Exercise details:
Write out exactly the lines from the first line of the records below through the line that contains "At the start: 2", and stop there.

Information shown:
===============

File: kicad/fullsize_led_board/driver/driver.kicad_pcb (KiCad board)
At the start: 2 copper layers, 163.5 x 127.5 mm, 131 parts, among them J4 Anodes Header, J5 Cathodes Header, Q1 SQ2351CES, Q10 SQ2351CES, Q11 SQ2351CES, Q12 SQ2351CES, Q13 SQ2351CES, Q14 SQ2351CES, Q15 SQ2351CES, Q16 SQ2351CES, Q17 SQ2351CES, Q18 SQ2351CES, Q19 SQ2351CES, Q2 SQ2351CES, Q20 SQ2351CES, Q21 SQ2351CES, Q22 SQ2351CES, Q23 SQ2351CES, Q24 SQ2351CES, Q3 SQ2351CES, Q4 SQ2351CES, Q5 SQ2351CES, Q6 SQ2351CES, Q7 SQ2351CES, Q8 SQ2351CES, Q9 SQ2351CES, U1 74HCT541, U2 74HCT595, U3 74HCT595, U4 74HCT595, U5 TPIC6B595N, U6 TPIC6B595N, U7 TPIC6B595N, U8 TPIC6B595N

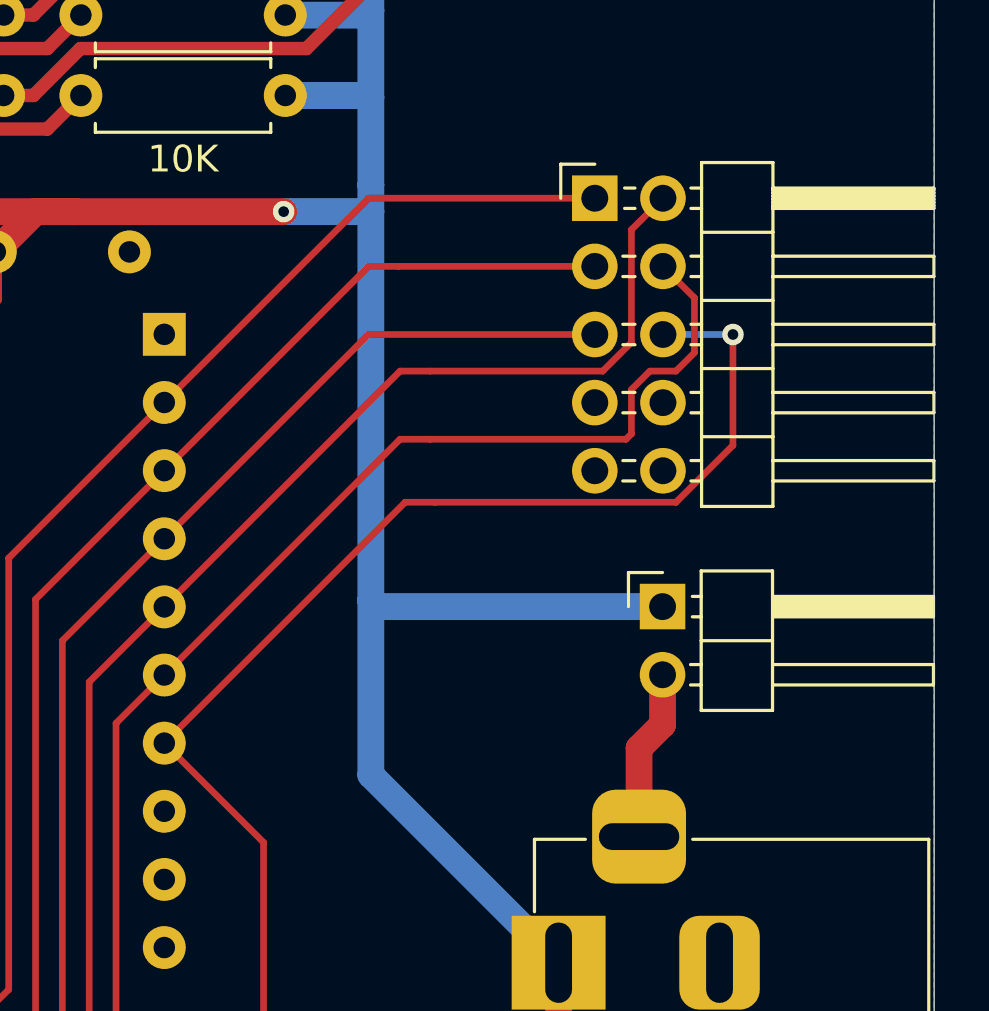
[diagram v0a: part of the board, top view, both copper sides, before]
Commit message: fullsize led board: done, inspection now and then ordering
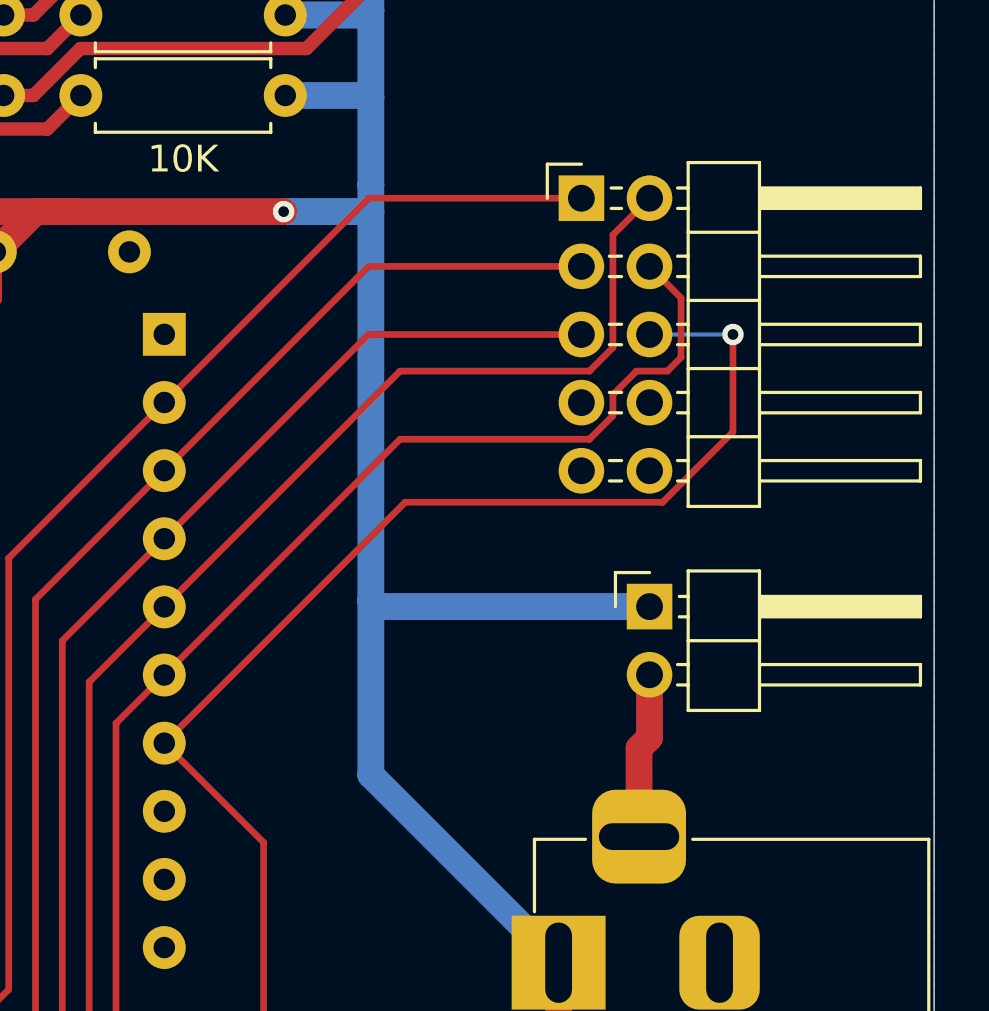
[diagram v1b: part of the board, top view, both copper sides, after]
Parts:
- moved J3 0.50 mm to (246.8, 108.5)
- moved J1 0.49 mm to (249.4, 123.7)
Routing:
- net ShiftRowStrobe: track 48.4 -> 47.5 mm
- net ShiftRowData: track 47.5 -> 47.0 mm
- net RowStrobe: track 48.5 -> 48.0 mm
- net RowData: track 51.3 -> 50.8 mm
- net ApplyRowAndStrobe: track 43.7 -> 43.2 mm
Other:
- board text added: "${REVISION} ~ ${ISSUE_DATE}"
- board text added: "FPGA Mediaplayer LED Board Driver"
- board text added: "Visit the project on github.com alpyen/fpga-mediaplayer"
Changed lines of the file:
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@@
 	(title_block
 		(title "Fullsize LED Board (Driver)")
+		(date "16.07.2024")
+		(rev "v1.0")
 	)
 	(layers
@@
 			(plot_on_all_layers_selection 0x0000000_00000000)
 			(disableapertmacros no)
-			(usegerberextensions no)
-			(usegerberattributes yes)
-			(usegerberadvancedattributes yes)
-			(creategerberjobfile yes)
+			(usegerberextensions yes)
+			(usegerberattributes no)
+			(usegerberadvancedattributes no)
+			(creategerberjobfile no)
 			(dashed_line_dash_ratio 12.000000)
 			(dashed_line_gap_ratio 3.000000)
@@
 			(plotinvisibletext no)
 			(sketchpadsonfab no)
-			(subtractmaskfromsilk no)
+			(subtractmaskfromsilk yes)
 			(outputformat 1)
 			(mirror no)
-			(drillshape 1)
+			(drillshape 0)
 			(scaleselection 1)
-			(outputdirectory "")
+			(outputdirectory "driver_plots/")
 		)
 	)
@@
 	(footprint "Connector_PinHeader_2.54mm:PinHeader_2x05_P2.54mm_Horizontal"
 		(layer "F.Cu")
-		(at 247.35 108.5)
+		(at 246.85 108.5)
 		(descr "Through hole angled pin header, 2x05, 2.54mm pitch, 6mm pin length, double rows")
 		(tags "Through hole angled pin header THT 2x05 2.54mm double row")
@@
 	(footprint "Connector_PinHeader_2.54mm:PinHeader_1x02_P2.54mm_Horizontal"
 		(layer "F.Cu")
-		(at 249.875 123.725)
+		(at 249.39 123.725)
 		(descr "Through hole angled pin header, 1x02, 2.54mm pitch, 6mm pin length, single row")
 		(tags "Through hole angled pin header THT 1x02 2.54mm single row")
@@
 		(layer "Edge.Cuts")
 	)
+	(gr_text "Visit the project on github.com\nalpyen/fpga-mediaplayer"
+		(at 150 82.5 -0)
+		(layer "B.SilkS")
+		(effects
+			(font
+				(size 2 2)
+				(thickness 0.3)
+			)
+			(justify mirror)
+		)
+	)
+	(gr_text "FPGA Mediaplayer\nLED Board Driver"
+		(at 150 67.5 -0)
+		(layer "B.SilkS" knockout)
+		(effects
+			(font
+				(size 3 3)
+				(thickness 0.5)
+				(bold yes)
+			)
+			(justify bottom mirror)
+		)
+	)
+	(gr_text "${REVISION} ~ ${ISSUE_DATE}"
+		(at 150 70 -0)
+		(layer "B.SilkS")
+		(effects
+			(font
+				(size 2 2)
+				(thickness 0.4)
+				(bold yes)
+			)
+			(justify top mirror)
+		)
+	)
 	(segment
 		(start 182.7 116.115)
@@
 	)
 	(segment
-		(start 249.875 123.725)
-		(end 239.225 123.725)
-		(width 1)
-		(layer "B.Cu")
-		(net 2)
-	)
-	(segment
 		(start 242.3625 87.36)
 		(end 240.5 87.36)
@@
 	)
 	(segment
+		(start 239.225 123.725)
+		(end 239 123.5)
+		(width 1)
+		(layer "B.Cu")
+		(net 2)
+	)
+	(segment
 		(start 235.81 104.67)
 		(end 238.92 104.67)
@@
 	)
 	(segment
+		(start 239.225 123.725)
+		(end 249.39 123.725)
+		(width 1)
+		(layer "B.Cu")
+		(net 2)
+	)
+	(segment
 		(start 112 130.055)
 		(end 112 117.415)
@@
 	)
 	(segment
-		(start 239.225 123.725)
-		(end 239 123.5)
-		(width 1)
-		(layer "B.Cu")
-		(net 2)
-	)
-	(segment
 		(start 235.81 95.67)
 		(end 238.92 95.67)
@@
 	)
 	(segment
-		(start 249.875 128.125)
-		(end 249 129)
+		(start 249.39 128.61)
+		(end 249.39 126.265)
 		(width 1)
 		(layer "F.Cu")
@@
 	)
 	(segment
-		(start 249.875 126.265)
-		(end 249.875 128.125)
+		(start 249 132.3)
+		(end 249 129)
 		(width 1)
 		(layer "F.Cu")
@@
 	(segment
 		(start 249 129)
-		(end 249 132.3)
+		(end 249.39 128.61)
 		(width 1)
 		(layer "F.Cu")
@@
 	)
 	(segment
-		(start 227.5 142)
-		(end 227.5 124.995)
+		(start 238.915 113.58)
+		(end 231.3 121.195)
 		(width 0.25)
 		(layer "F.Cu")
@@
 	)
 	(segment
-		(start 227.5 124.995)
-		(end 231.3 121.195)
+		(start 227.5 142)
+		(end 227.5 124.995)
 		(width 0.25)
 		(layer "F.Cu")
@@
 	)
 	(segment
-		(start 226 143.5)
-		(end 227.5 142)
+		(start 246.85 113.58)
+		(end 238.915 113.58)
 		(width 0.25)
 		(layer "F.Cu")
@@
 	)
 	(segment
-		(start 238.915 113.58)
-		(end 247.35 113.58)
+		(start 227.5 124.995)
+		(end 231.3 121.195)
 		(width 0.25)
 		(layer "F.Cu")
@@
 	)
 	(segment
-		(start 231.3 121.195)
-		(end 238.915 113.58)
+		(start 226 143.5)
+		(end 227.5 142)
 		(width 0.25)
 		(layer "F.Cu")
@@
 	)
 	(segment
-		(start 229.5 128.075)
-		(end 231.3 126.275)
+		(start 247.146701 117.485)
+		(end 240.09 117.485)
 		(width 0.25)
 		(layer "F.Cu")
@@
 	)
 	(segment
-		(start 251.065 112.215)
-		(end 251.065 114.256701)
+		(start 229.5 128.075)
+		(end 231.3 126.275)
 		(width 0.25)
 		(layer "F.Cu")
@@
 	(segment
 		(start 240.09 117.485)
-		(end 241.2 117.485)
-		(width 0.25)
-		(layer "F.Cu")
-		(net 7)
-	)
-	(segment
-		(start 251.065 114.256701)
-		(end 250.376701 114.945)
+		(end 231.3 126.275)
 		(width 0.25)
 		(layer "F.Cu")
@@
 	)
 	(segment
-		(start 231.3 126.275)
-		(end 240.09 117.485)
+		(start 250.565 114.435)
+		(end 250.055 114.945)
 		(width 0.25)
 		(layer "F.Cu")
@@
 	)
 	(segment
-		(start 249.89 111.04)
-		(end 251.065 112.215)
+		(start 248.025 115.823299)
+		(end 248.025 116.606701)
 		(width 0.25)
 		(layer "F.Cu")
@@
 	)
 	(segment
-		(start 248.715 115.633299)
-		(end 248.715 117.284999)
+		(start 248.025 116.606701)
+		(end 247.146701 117.485)
 		(width 0.25)
 		(layer "F.Cu")
@@
 	)
 	(segment
-		(start 249.403299 114.945)
-		(end 248.715 115.633299)
+		(start 250.565 112.215)
+		(end 250.565 114.435)
 		(width 0.25)
 		(layer "F.Cu")
@@
 	)
 	(segment
-		(start 248.715 117.284999)
-		(end 248.514999 117.485)
+		(start 248.903299 114.945)
+		(end 248.025 115.823299)
 		(width 0.25)
 		(layer "F.Cu")
@@
 	)
 	(segment
-		(start 250.376701 114.945)
-		(end 249.403299 114.945)
+		(start 232 143.5)
+		(end 229.5 141)
 		(width 0.25)
 		(layer "F.Cu")
@@
 	)
 	(segment
-		(start 232 143.5)
-		(end 229.5 141)
+		(start 249.39 111.04)
+		(end 250.565 112.215)
 		(width 0.25)
 		(layer "F.Cu")
@@
 	)
 	(segment
-		(start 248.514999 117.485)
-		(end 241.2 117.485)
+		(start 250.055 114.945)
+		(end 248.903299 114.945)
 		(width 0.25)
 		(layer "F.Cu")
@@
 	)
 	(segment
-		(start 223 143.5)
-		(end 226.5 140)
+		(start 238.915 111.04)
+		(end 246.85 111.04)
 		(width 0.25)
 		(layer "F.Cu")
@@
 	)
 	(segment
-		(start 226.5 140)
-		(end 226.5 123.455)
+		(start 223 143.5)
+		(end 226.5 140)
 		(width 0.25)
 		(layer "F.Cu")
@@
 	)
 	(segment
-		(start 247.35 111.04)
-		(end 240.025 111.04)
+		(start 226.5 140)
+		(end 226.5 123.455)
 		(width 0.25)
 		(layer "F.Cu")
@@
 	)
 	(segment
-		(start 238.915 111.04)
-		(end 240.025 111.04)
-		(width 0.25)
-		(layer "F.Cu")
-		(net 167)
-	)
-	(segment
 		(start 225.5 121.915)
 		(end 231.3 116.115)
@@
 	(segment
 		(start 238.915 108.5)
-		(end 247.35 108.5)
+		(end 246.85 108.5)
 		(width 0.25)
 		(layer "F.Cu")
@@
 	)
 	(segment
-		(start 241.39 119.835)
-		(end 250.376701 119.835)
+		(start 240.28 119.835)
+		(end 249.876701 119.835)
 		(width 0.25)
 		(layer "F.Cu")
@@
 	)
 	(segment
-		(start 252.5 117.711701)
+		(start 252.5 117.211701)
 		(end 252.5 113.58)
 		(width 0.25)
@@
 	)
 	(segment
-		(start 240.28 119.835)
-		(end 241.39 119.835)
-		(width 0.25)
-		(layer "F.Cu")
-		(net 169)
-	)
-	(segment
-		(start 250.376701 119.835)
-		(end 252.5 117.711701)
+		(start 249.876701 119.835)
+		(end 252.5 117.211701)
 		(width 0.25)
 		(layer "F.Cu")
@@
 	)
 	(segment
-		(start 249.89 113.58)
-		(end 252.5 113.58)
-		(width 0.25)
-		(layer "B.Cu")
-		(net 169)
-	)
-	(segment
 		(start 252.42 113.58)
 		(end 252.5 113.5)
@@
 	)
 	(segment
-		(start 249.89 108.5)
-		(end 248.715 109.675)
-		(width 0.25)
-		(layer "F.Cu")
-		(net 170)
+		(start 249.39 113.58)
+		(end 252.5 113.58)
+		(width 0.15)
+		(layer "B.Cu")
+		(net 169)
 	)
 	(segment
@@
 	)
 	(segment
-		(start 229 143.5)
-		(end 229 142)
+		(start 248.025 114.066701)
+		(end 247.146701 114.945)
 		(width 0.25)
 		(layer "F.Cu")
@@
 	)
 	(segment
-		(start 248.715 113.876701)
-		(end 247.646701 114.945)
+		(start 229 143.5)
+		(end 229 142)
 		(width 0.25)
 		(layer "F.Cu")
@@
 	)
 	(segment
-		(start 231.3 123.735)
-		(end 240.09 114.945)
+		(start 240.09 114.945)
+		(end 231.3 123.735)
 		(width 0.25)
 		(layer "F.Cu")
@@
 	)
 	(segment
-		(start 247.646701 114.945)
-		(end 241.2 114.945)
+		(start 249.39 108.5)
+		(end 248.025 109.865)
 		(width 0.25)
 		(layer "F.Cu")
@@
 	)
 	(segment
-		(start 228.5 141.5)
-		(end 228.5 126.535)
+		(start 247.146701 114.945)
+		(end 240.09 114.945)
 		(width 0.25)
 		(layer "F.Cu")
@@
 	)
 	(segment
-		(start 240.09 114.945)
-		(end 241.2 114.945)
+		(start 248.025 109.865)
+		(end 248.025 114.066701)
 		(width 0.25)
 		(layer "F.Cu")
@@
 	)
 	(segment
-		(start 248.715 109.675)
-		(end 248.715 113.876701)
+		(start 228.5 141.5)
+		(end 228.5 126.535)
 		(width 0.25)
 		(layer "F.Cu")

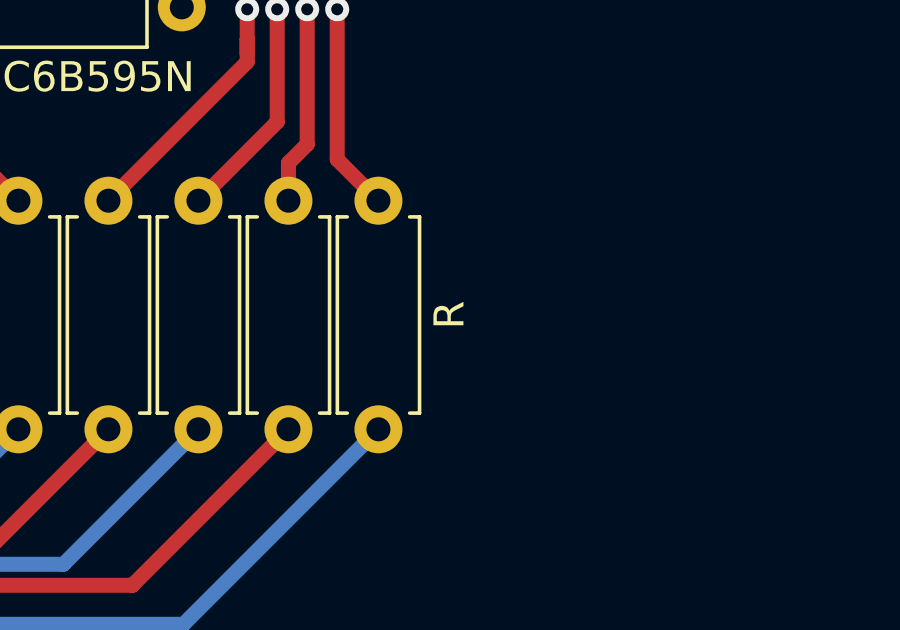
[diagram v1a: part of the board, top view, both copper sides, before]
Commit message: kicad: finalized led resistor values
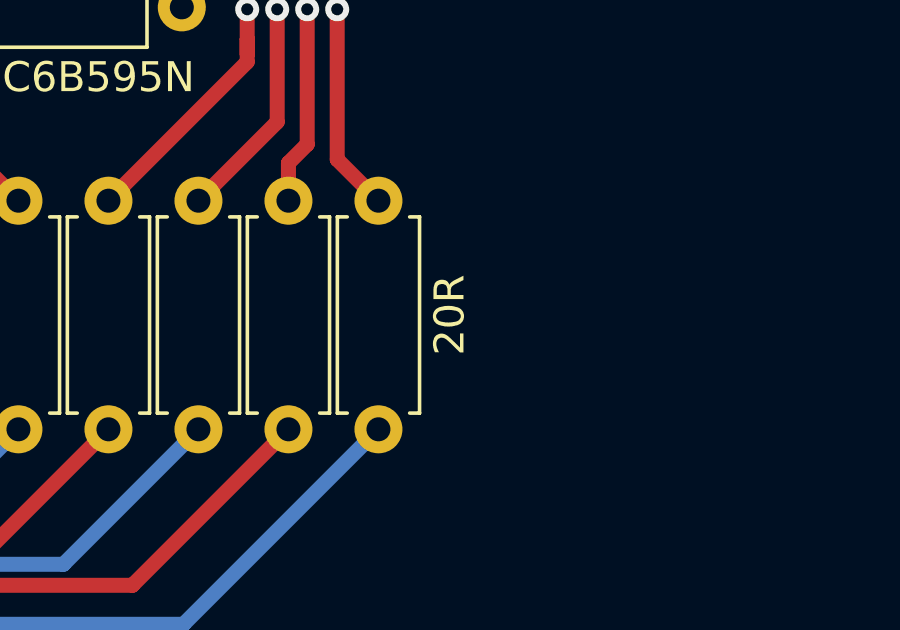
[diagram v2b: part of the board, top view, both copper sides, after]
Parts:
- R55, R56, R57, R58, R59, R60, R61, R62, R63, R64, R65, R66, R67, R68, R69, R70, R71, R72, R73, R74, R75, R76, R77, R78, R79, R80, R81, R82, R83, R84, R85, R86: value R -> 20R
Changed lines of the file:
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@@
 			)
 		)
-		(property "Value" "R"
+		(property "Value" "20R"
 			(at 3.81 2.37 90)
 			(layer "F.Fab")
@@
 			)
 		)
-		(property "Value" "R"
+		(property "Value" "20R"
 			(at 3.81 2.37 90)
 			(layer "F.Fab")
@@
 			)
 		)
-		(property "Value" "R"
+		(property "Value" "20R"
 			(at 3.81 2.37 90)
 			(layer "F.Fab")
@@
 			)
 		)
-		(property "Value" "R"
+		(property "Value" "20R"
 			(at 3.81 2.37 90)
 			(layer "F.Fab")
@@
 			)
 		)
-		(property "Value" "R"
+		(property "Value" "20R"
 			(at 3.81 2.37 90)
 			(layer "F.Fab")
@@
 			)
 		)
-		(property "Value" "R"
+		(property "Value" "20R"
 			(at 3.81 2.37 90)
 			(layer "F.Fab")
@@
 			)
 		)
-		(property "Value" "R"
+		(property "Value" "20R"
 			(at 3.81 2.37 90)
 			(layer "F.Fab")
@@
 			)
 		)
-		(property "Value" "R"
+		(property "Value" "20R"
 			(at 3.81 2.37 90)
 			(layer "F.Fab")
@@
 			)
 		)
-		(property "Value" "R"
+		(property "Value" "20R"
 			(at 3.81 2.37 90)
 			(layer "F.Fab")
@@
 			)
 		)
-		(property "Value" "R"
+		(property "Value" "20R"
 			(at 3.81 2.37 90)
 			(layer "F.Fab")
@@
 			)
 		)
-		(property "Value" "R"
+		(property "Value" "20R"
 			(at 3.81 2.37 90)
 			(layer "F.Fab")
@@
 			)
 		)
-		(property "Value" "R"
+		(property "Value" "20R"
 			(at 3.81 2.37 90)
 			(layer "F.Fab")
@@
 			)
 		)
-		(property "Value" "R"
+		(property "Value" "20R"
 			(at 3.81 2.37 90)
 			(layer "F.Fab")
@@
 			)
 		)
-		(property "Value" "R"
+		(property "Value" "20R"
 			(at 3.81 2.37 90)
 			(layer "F.Fab")
@@
 			)
 		)
-		(property "Value" "R"
+		(property "Value" "20R"
 			(at 3.81 2.37 90)
 			(layer "F.Fab")
@@
 			)
 		)
-		(property "Value" "R"
+		(property "Value" "20R"
 			(at 3.81 2.37 90)
 			(layer "F.Fab")
@@
 			)
 		)
-		(property "Value" "R"
+		(property "Value" "20R"
 			(at 3.81 2.37 90)
 			(layer "F.Fab")
@@
 			)
 		)
-		(property "Value" "R"
+		(property "Value" "20R"
 			(at 3.81 2.37 90)
 			(layer "F.Fab")
@@
 			)
 		)
-		(property "Value" "R"
+		(property "Value" "20R"
 			(at 3.81 2.37 90)
 			(layer "F.Fab")
@@
 			)
 		)
-		(property "Value" "R"
+		(property "Value" "20R"
 			(at 3.81 2.37 90)
 			(layer "F.Fab")
@@
 			)
 		)
-		(property "Value" "R"
+		(property "Value" "20R"
 			(at 3.81 2.37 90)
 			(layer "F.Fab")
@@
 			)
 		)
-		(property "Value" "R"
+		(property "Value" "20R"
 			(at 3.81 2.37 90)
 			(layer "F.Fab")
@@
 			)
 		)
-		(property "Value" "R"
+		(property "Value" "20R"
 			(at 3.81 2.37 90)
 			(layer "F.SilkS")
@@
 			)
 		)
-		(property "Value" "R"
+		(property "Value" "20R"
 			(at 3.81 2.37 90)
 			(layer "F.Fab")
@@
 			)
 		)
-		(property "Value" "R"
+		(property "Value" "20R"
 			(at 3.81 2.37 90)
 			(layer "F.Fab")
@@
 			)
 		)
-		(property "Value" "R"
+		(property "Value" "20R"
 			(at 3.81 2.37 90)
 			(layer "F.Fab")
@@
 			)
 		)
-		(property "Value" "R"
+		(property "Value" "20R"
 			(at 3.81 2.37 90)
 			(layer "F.Fab")
@@
 			)
 		)
-		(property "Value" "R"
+		(property "Value" "20R"
 			(at 3.81 2.37 90)
 			(layer "F.Fab")
@@
 			)
 		)
-		(property "Value" "R"
+		(property "Value" "20R"
 			(at 3.81 2.37 90)
 			(layer "F.Fab")
@@
 			)
 		)
-		(property "Value" "R"
+		(property "Value" "20R"
 			(at 3.81 2.37 90)
 			(layer "F.Fab")
@@
 			)
 		)
-		(property "Value" "R"
+		(property "Value" "20R"
 			(at 3.81 2.37 90)
 			(layer "F.Fab")
@@
 			)
 		)
-		(property "Value" "R"
+		(property "Value" "20R"
 			(at 3.81 2.37 90)
 			(layer "F.Fab")

===============

Task solution:
File: kicad/fullsize_led_board/driver/driver.kicad_pcb (KiCad board)
At the start: 2 copper layers, 163.5 x 127.5 mm, 131 parts, among them J4 Anodes Header, J5 Cathodes Header, Q1 SQ2351CES, Q10 SQ2351CES, Q11 SQ2351CES, Q12 SQ2351CES, Q13 SQ2351CES, Q14 SQ2351CES, Q15 SQ2351CES, Q16 SQ2351CES, Q17 SQ2351CES, Q18 SQ2351CES, Q19 SQ2351CES, Q2 SQ2351CES, Q20 SQ2351CES, Q21 SQ2351CES, Q22 SQ2351CES, Q23 SQ2351CES, Q24 SQ2351CES, Q3 SQ2351CES, Q4 SQ2351CES, Q5 SQ2351CES, Q6 SQ2351CES, Q7 SQ2351CES, Q8 SQ2351CES, Q9 SQ2351CES, U1 74HCT541, U2 74HCT595, U3 74HCT595, U4 74HCT595, U5 TPIC6B595N, U6 TPIC6B595N, U7 TPIC6B595N, U8 TPIC6B595N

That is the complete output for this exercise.